INSTRUCTIONS TO FOLLOW: Since the copy must hold text only, transcribe the data below exactly and omit the images.

Extracted records:

◆ ◆ ◆ ◆

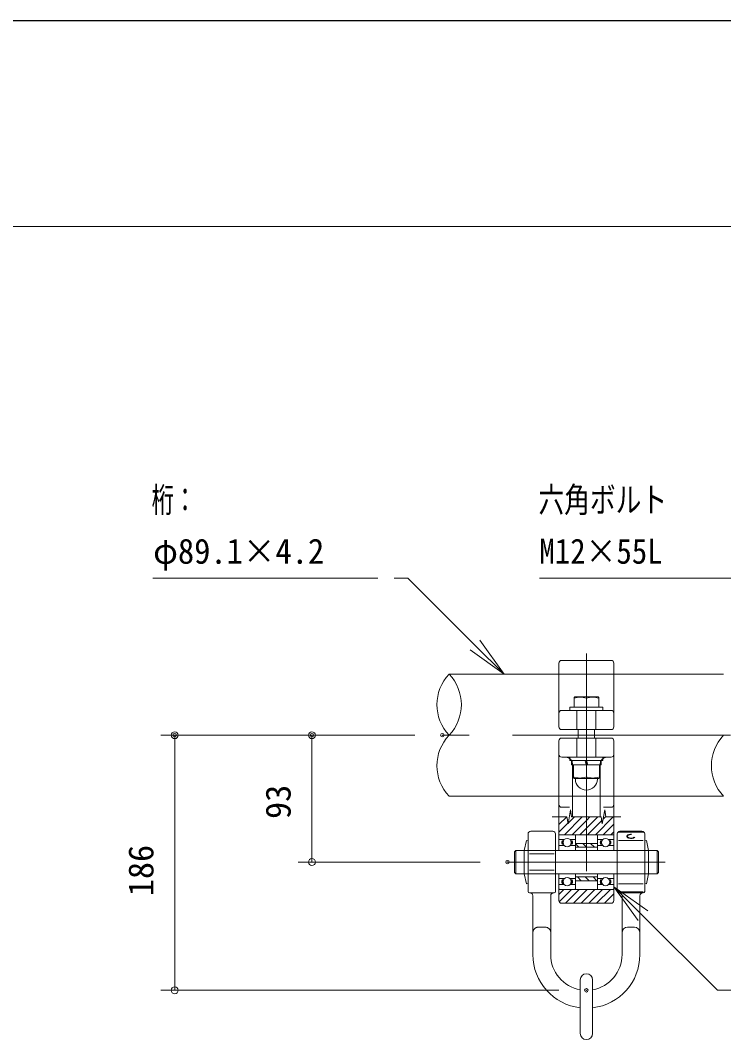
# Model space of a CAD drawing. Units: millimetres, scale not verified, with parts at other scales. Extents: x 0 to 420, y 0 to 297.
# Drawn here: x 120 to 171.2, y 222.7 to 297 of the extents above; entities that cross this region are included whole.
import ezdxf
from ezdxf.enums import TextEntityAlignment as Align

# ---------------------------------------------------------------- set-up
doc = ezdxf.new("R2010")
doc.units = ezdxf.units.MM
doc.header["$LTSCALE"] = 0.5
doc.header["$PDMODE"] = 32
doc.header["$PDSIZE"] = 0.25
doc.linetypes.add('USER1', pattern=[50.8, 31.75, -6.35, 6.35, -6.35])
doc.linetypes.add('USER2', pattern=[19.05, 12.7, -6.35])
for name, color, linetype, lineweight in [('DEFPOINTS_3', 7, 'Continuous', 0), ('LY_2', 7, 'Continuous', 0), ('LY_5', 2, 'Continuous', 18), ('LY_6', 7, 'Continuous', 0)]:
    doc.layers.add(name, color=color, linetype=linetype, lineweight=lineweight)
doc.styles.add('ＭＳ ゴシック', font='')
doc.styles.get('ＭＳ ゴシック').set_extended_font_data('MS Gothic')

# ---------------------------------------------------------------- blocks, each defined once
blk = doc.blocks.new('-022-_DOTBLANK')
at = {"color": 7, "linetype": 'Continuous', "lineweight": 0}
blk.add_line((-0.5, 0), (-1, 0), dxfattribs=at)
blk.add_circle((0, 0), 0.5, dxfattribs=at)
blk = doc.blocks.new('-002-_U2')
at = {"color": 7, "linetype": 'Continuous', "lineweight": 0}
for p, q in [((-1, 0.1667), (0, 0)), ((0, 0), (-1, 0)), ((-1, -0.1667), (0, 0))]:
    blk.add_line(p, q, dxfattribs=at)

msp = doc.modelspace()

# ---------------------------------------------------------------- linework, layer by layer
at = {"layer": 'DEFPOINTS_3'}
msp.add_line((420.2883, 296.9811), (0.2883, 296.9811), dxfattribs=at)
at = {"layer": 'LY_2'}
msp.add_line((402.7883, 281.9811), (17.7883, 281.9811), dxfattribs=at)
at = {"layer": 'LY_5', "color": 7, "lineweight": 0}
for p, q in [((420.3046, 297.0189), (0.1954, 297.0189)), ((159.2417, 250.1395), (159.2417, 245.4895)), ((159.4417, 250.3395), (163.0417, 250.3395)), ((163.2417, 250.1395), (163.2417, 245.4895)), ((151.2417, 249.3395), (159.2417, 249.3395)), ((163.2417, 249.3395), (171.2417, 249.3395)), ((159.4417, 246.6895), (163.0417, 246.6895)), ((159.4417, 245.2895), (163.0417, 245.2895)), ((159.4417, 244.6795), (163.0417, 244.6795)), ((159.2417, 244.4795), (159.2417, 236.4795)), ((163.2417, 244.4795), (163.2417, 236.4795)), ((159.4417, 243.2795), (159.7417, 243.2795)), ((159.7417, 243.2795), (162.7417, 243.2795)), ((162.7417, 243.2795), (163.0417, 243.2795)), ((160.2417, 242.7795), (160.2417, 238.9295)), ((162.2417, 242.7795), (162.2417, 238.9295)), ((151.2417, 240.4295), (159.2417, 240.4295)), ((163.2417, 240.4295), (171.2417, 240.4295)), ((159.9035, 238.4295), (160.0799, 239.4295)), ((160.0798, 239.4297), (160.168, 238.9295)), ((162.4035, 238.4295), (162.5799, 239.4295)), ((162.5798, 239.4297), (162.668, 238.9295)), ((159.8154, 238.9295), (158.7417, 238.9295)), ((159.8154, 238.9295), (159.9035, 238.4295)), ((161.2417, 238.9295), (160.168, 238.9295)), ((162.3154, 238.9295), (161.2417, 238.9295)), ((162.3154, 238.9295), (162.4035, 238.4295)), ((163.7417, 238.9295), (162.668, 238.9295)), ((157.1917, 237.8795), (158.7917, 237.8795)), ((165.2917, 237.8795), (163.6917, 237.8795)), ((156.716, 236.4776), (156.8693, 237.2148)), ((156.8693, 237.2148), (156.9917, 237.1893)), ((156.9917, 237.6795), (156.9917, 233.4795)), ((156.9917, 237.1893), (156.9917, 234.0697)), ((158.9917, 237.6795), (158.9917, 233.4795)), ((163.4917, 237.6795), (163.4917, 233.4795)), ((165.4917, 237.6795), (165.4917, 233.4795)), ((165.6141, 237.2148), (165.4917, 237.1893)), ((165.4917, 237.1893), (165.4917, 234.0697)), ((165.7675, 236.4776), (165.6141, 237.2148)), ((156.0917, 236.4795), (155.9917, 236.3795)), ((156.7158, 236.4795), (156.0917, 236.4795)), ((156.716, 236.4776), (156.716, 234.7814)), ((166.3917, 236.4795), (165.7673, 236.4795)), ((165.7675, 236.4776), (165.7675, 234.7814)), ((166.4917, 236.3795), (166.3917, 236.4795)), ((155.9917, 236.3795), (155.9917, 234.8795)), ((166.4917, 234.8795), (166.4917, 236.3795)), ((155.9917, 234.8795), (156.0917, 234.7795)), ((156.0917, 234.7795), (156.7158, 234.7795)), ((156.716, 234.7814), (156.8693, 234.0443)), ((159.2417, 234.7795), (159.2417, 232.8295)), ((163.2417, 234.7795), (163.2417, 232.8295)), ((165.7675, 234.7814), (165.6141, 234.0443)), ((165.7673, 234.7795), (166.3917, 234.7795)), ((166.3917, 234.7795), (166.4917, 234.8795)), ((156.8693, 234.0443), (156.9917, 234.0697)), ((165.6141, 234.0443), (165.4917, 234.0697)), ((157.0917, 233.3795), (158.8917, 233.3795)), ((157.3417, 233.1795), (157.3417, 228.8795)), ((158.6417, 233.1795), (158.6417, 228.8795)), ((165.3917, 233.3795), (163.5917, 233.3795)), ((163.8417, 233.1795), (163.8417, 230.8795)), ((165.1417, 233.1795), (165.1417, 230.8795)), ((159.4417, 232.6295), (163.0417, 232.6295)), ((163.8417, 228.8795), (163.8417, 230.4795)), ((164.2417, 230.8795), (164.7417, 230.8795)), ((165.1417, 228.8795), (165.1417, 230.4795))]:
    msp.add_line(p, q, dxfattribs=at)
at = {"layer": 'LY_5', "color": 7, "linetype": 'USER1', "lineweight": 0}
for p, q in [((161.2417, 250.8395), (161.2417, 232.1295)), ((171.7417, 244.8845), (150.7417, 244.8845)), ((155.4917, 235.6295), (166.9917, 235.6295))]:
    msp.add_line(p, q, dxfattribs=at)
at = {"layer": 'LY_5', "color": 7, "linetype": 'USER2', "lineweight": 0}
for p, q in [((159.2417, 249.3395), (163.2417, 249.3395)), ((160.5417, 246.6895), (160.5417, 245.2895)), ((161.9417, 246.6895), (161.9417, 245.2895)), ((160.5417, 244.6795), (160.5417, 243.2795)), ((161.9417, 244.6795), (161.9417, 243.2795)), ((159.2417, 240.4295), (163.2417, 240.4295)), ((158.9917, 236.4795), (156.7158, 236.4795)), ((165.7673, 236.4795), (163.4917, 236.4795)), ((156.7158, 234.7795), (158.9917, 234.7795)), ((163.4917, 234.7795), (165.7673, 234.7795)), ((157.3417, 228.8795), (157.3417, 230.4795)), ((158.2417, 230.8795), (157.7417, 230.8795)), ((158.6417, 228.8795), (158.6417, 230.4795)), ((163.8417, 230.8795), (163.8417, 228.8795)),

◆ ◆ ◆ ◆

RESPONSE TO THIS EXERCISE:
# Model space of a CAD drawing. Units: millimetres, scale not verified, with parts at other scales. Extents: x 0 to 420, y 0 to 297.
# Drawn here: x 120 to 171.2, y 222.7 to 297 of the extents above; entities that cross this region are included whole.
import ezdxf
from ezdxf.enums import TextEntityAlignment as Align

# ---------------------------------------------------------------- set-up
doc = ezdxf.new("R2010")
doc.units = ezdxf.units.MM
doc.header["$LTSCALE"] = 0.5
doc.header["$PDMODE"] = 32
doc.header["$PDSIZE"] = 0.25
doc.linetypes.add('USER1', pattern=[50.8, 31.75, -6.35, 6.35, -6.35])
doc.linetypes.add('USER2', pattern=[19.05, 12.7, -6.35])
for name, color, linetype, lineweight in [('DEFPOINTS_3', 7, 'Continuous', 0), ('LY_2', 7, 'Continuous', 0), ('LY_5', 2, 'Continuous', 18), ('LY_6', 7, 'Continuous', 0)]:
    doc.layers.add(name, color=color, linetype=linetype, lineweight=lineweight)
doc.styles.add('ＭＳ ゴシック', font='')
doc.styles.get('ＭＳ ゴシック').set_extended_font_data('MS Gothic')

# ---------------------------------------------------------------- blocks, each defined once
blk = doc.blocks.new('-022-_DOTBLANK')
at = {"color": 7, "linetype": 'Continuous', "lineweight": 0}
blk.add_line((-0.5, 0), (-1, 0), dxfattribs=at)
blk.add_circle((0, 0), 0.5, dxfattribs=at)
blk = doc.blocks.new('-002-_U2')
at = {"color": 7, "linetype": 'Continuous', "lineweight": 0}
for p, q in [((-1, 0.1667), (0, 0)), ((0, 0), (-1, 0)), ((-1, -0.1667), (0, 0))]:
    blk.add_line(p, q, dxfattribs=at)

msp = doc.modelspace()

# ---------------------------------------------------------------- linework, layer by layer
at = {"layer": 'DEFPOINTS_3'}
msp.add_line((420.2883, 296.9811), (0.2883, 296.9811), dxfattribs=at)
at = {"layer": 'LY_2'}
msp.add_line((402.7883, 281.9811), (17.7883, 281.9811), dxfattribs=at)
at = {"layer": 'LY_5', "color": 7, "lineweight": 0}
for p, q in [((420.3046, 297.0189), (0.1954, 297.0189)), ((159.2417, 250.1395), (159.2417, 245.4895)), ((159.4417, 250.3395), (163.0417, 250.3395)), ((163.2417, 250.1395), (163.2417, 245.4895)), ((151.2417, 249.3395), (159.2417, 249.3395)), ((163.2417, 249.3395), (171.2417, 249.3395)), ((159.4417, 246.6895), (163.0417, 246.6895)), ((159.4417, 245.2895), (163.0417, 245.2895)), ((159.4417, 244.6795), (163.0417, 244.6795)), ((159.2417, 244.4795), (159.2417, 236.4795)), ((163.2417, 244.4795), (163.2417, 236.4795)), ((159.4417, 243.2795), (159.7417, 243.2795)), ((159.7417, 243.2795), (162.7417, 243.2795)), ((162.7417, 243.2795), (163.0417, 243.2795)), ((160.2417, 242.7795), (160.2417, 238.9295)), ((162.2417, 242.7795), (162.2417, 238.9295)), ((151.2417, 240.4295), (159.2417, 240.4295)), ((163.2417, 240.4295), (171.2417, 240.4295)), ((159.9035, 238.4295), (160.0799, 239.4295)), ((160.0798, 239.4297), (160.168, 238.9295)), ((162.4035, 238.4295), (162.5799, 239.4295)), ((162.5798, 239.4297), (162.668, 238.9295)), ((159.8154, 238.9295), (158.7417, 238.9295)), ((159.8154, 238.9295), (159.9035, 238.4295)), ((161.2417, 238.9295), (160.168, 238.9295)), ((162.3154, 238.9295), (161.2417, 238.9295)), ((162.3154, 238.9295), (162.4035, 238.4295)), ((163.7417, 238.9295), (162.668, 238.9295)), ((157.1917, 237.8795), (158.7917, 237.8795)), ((165.2917, 237.8795), (163.6917, 237.8795)), ((156.716, 236.4776), (156.8693, 237.2148)), ((156.8693, 237.2148), (156.9917, 237.1893)), ((156.9917, 237.6795), (156.9917, 233.4795)), ((156.9917, 237.1893), (156.9917, 234.0697)), ((158.9917, 237.6795), (158.9917, 233.4795)), ((163.4917, 237.6795), (163.4917, 233.4795)), ((165.4917, 237.6795), (165.4917, 233.4795)), ((165.6141, 237.2148), (165.4917, 237.1893)), ((165.4917, 237.1893), (165.4917, 234.0697)), ((165.7675, 236.4776), (165.6141, 237.2148)), ((156.0917, 236.4795), (155.9917, 236.3795)), ((156.7158, 236.4795), (156.0917, 236.4795)), ((156.716, 236.4776), (156.716, 234.7814)), ((166.3917, 236.4795), (165.7673, 236.4795)), ((165.7675, 236.4776), (165.7675, 234.7814)), ((166.4917, 236.3795), (166.3917, 236.4795)), ((155.9917, 236.3795), (155.9917, 234.8795)), ((166.4917, 234.8795), (166.4917, 236.3795)), ((155.9917, 234.8795), (156.0917, 234.7795)), ((156.0917, 234.7795), (156.7158, 234.7795)), ((156.716, 234.7814), (156.8693, 234.0443)), ((159.2417, 234.7795), (159.2417, 232.8295)), ((163.2417, 234.7795), (163.2417, 232.8295)), ((165.7675, 234.7814), (165.6141, 234.0443)), ((165.7673, 234.7795), (166.3917, 234.7795)), ((166.3917, 234.7795), (166.4917, 234.8795)), ((156.8693, 234.0443), (156.9917, 234.0697)), ((165.6141, 234.0443), (165.4917, 234.0697)), ((157.0917, 233.3795), (158.8917, 233.3795)), ((157.3417, 233.1795), (157.3417, 228.8795)), ((158.6417, 233.1795), (158.6417, 228.8795)), ((165.3917, 233.3795), (163.5917, 233.3795)), ((163.8417, 233.1795), (163.8417, 230.8795)), ((165.1417, 233.1795), (165.1417, 230.8795)), ((159.4417, 232.6295), (163.0417, 232.6295)), ((163.8417, 228.8795), (163.8417, 230.4795)), ((164.2417, 230.8795), (164.7417, 230.8795)), ((165.1417, 228.8795), (165.1417, 230.4795))]:
    msp.add_line(p, q, dxfattribs=at)
at = {"layer": 'LY_5', "color": 7, "linetype": 'USER1', "lineweight": 0}
for p, q in [((161.2417, 250.8395), (161.2417, 232.1295)), ((171.7417, 244.8845), (150.7417, 244.8845)), ((155.4917, 235.6295), (166.9917, 235.6295))]:
    msp.add_line(p, q, dxfattribs=at)
at = {"layer": 'LY_5', "color": 7, "linetype": 'USER2', "lineweight": 0}
for p, q in [((159.2417, 249.3395), (163.2417, 249.3395)), ((160.5417, 246.6895), (160.5417, 245.2895)), ((161.9417, 246.6895), (161.9417, 245.2895)), ((160.5417, 244.6795), (160.5417, 243.2795)), ((161.9417, 244.6795), (161.9417, 243.2795)), ((159.2417, 240.4295), (163.2417, 240.4295)), ((158.9917, 236.4795), (156.7158, 236.4795)), ((165.7673, 236.4795), (163.4917, 236.4795)), ((156.7158, 234.7795), (158.9917, 234.7795)), ((163.4917, 234.7795), (165.7673, 234.7795)), ((157.3417, 228.8795), (157.3417, 230.4795)), ((158.2417, 230.8795), (157.7417, 230.8795)), ((158.6417, 228.8795), (158.6417, 230.4795)), ((163.8417, 230.8795), (163.8417, 228.8795)),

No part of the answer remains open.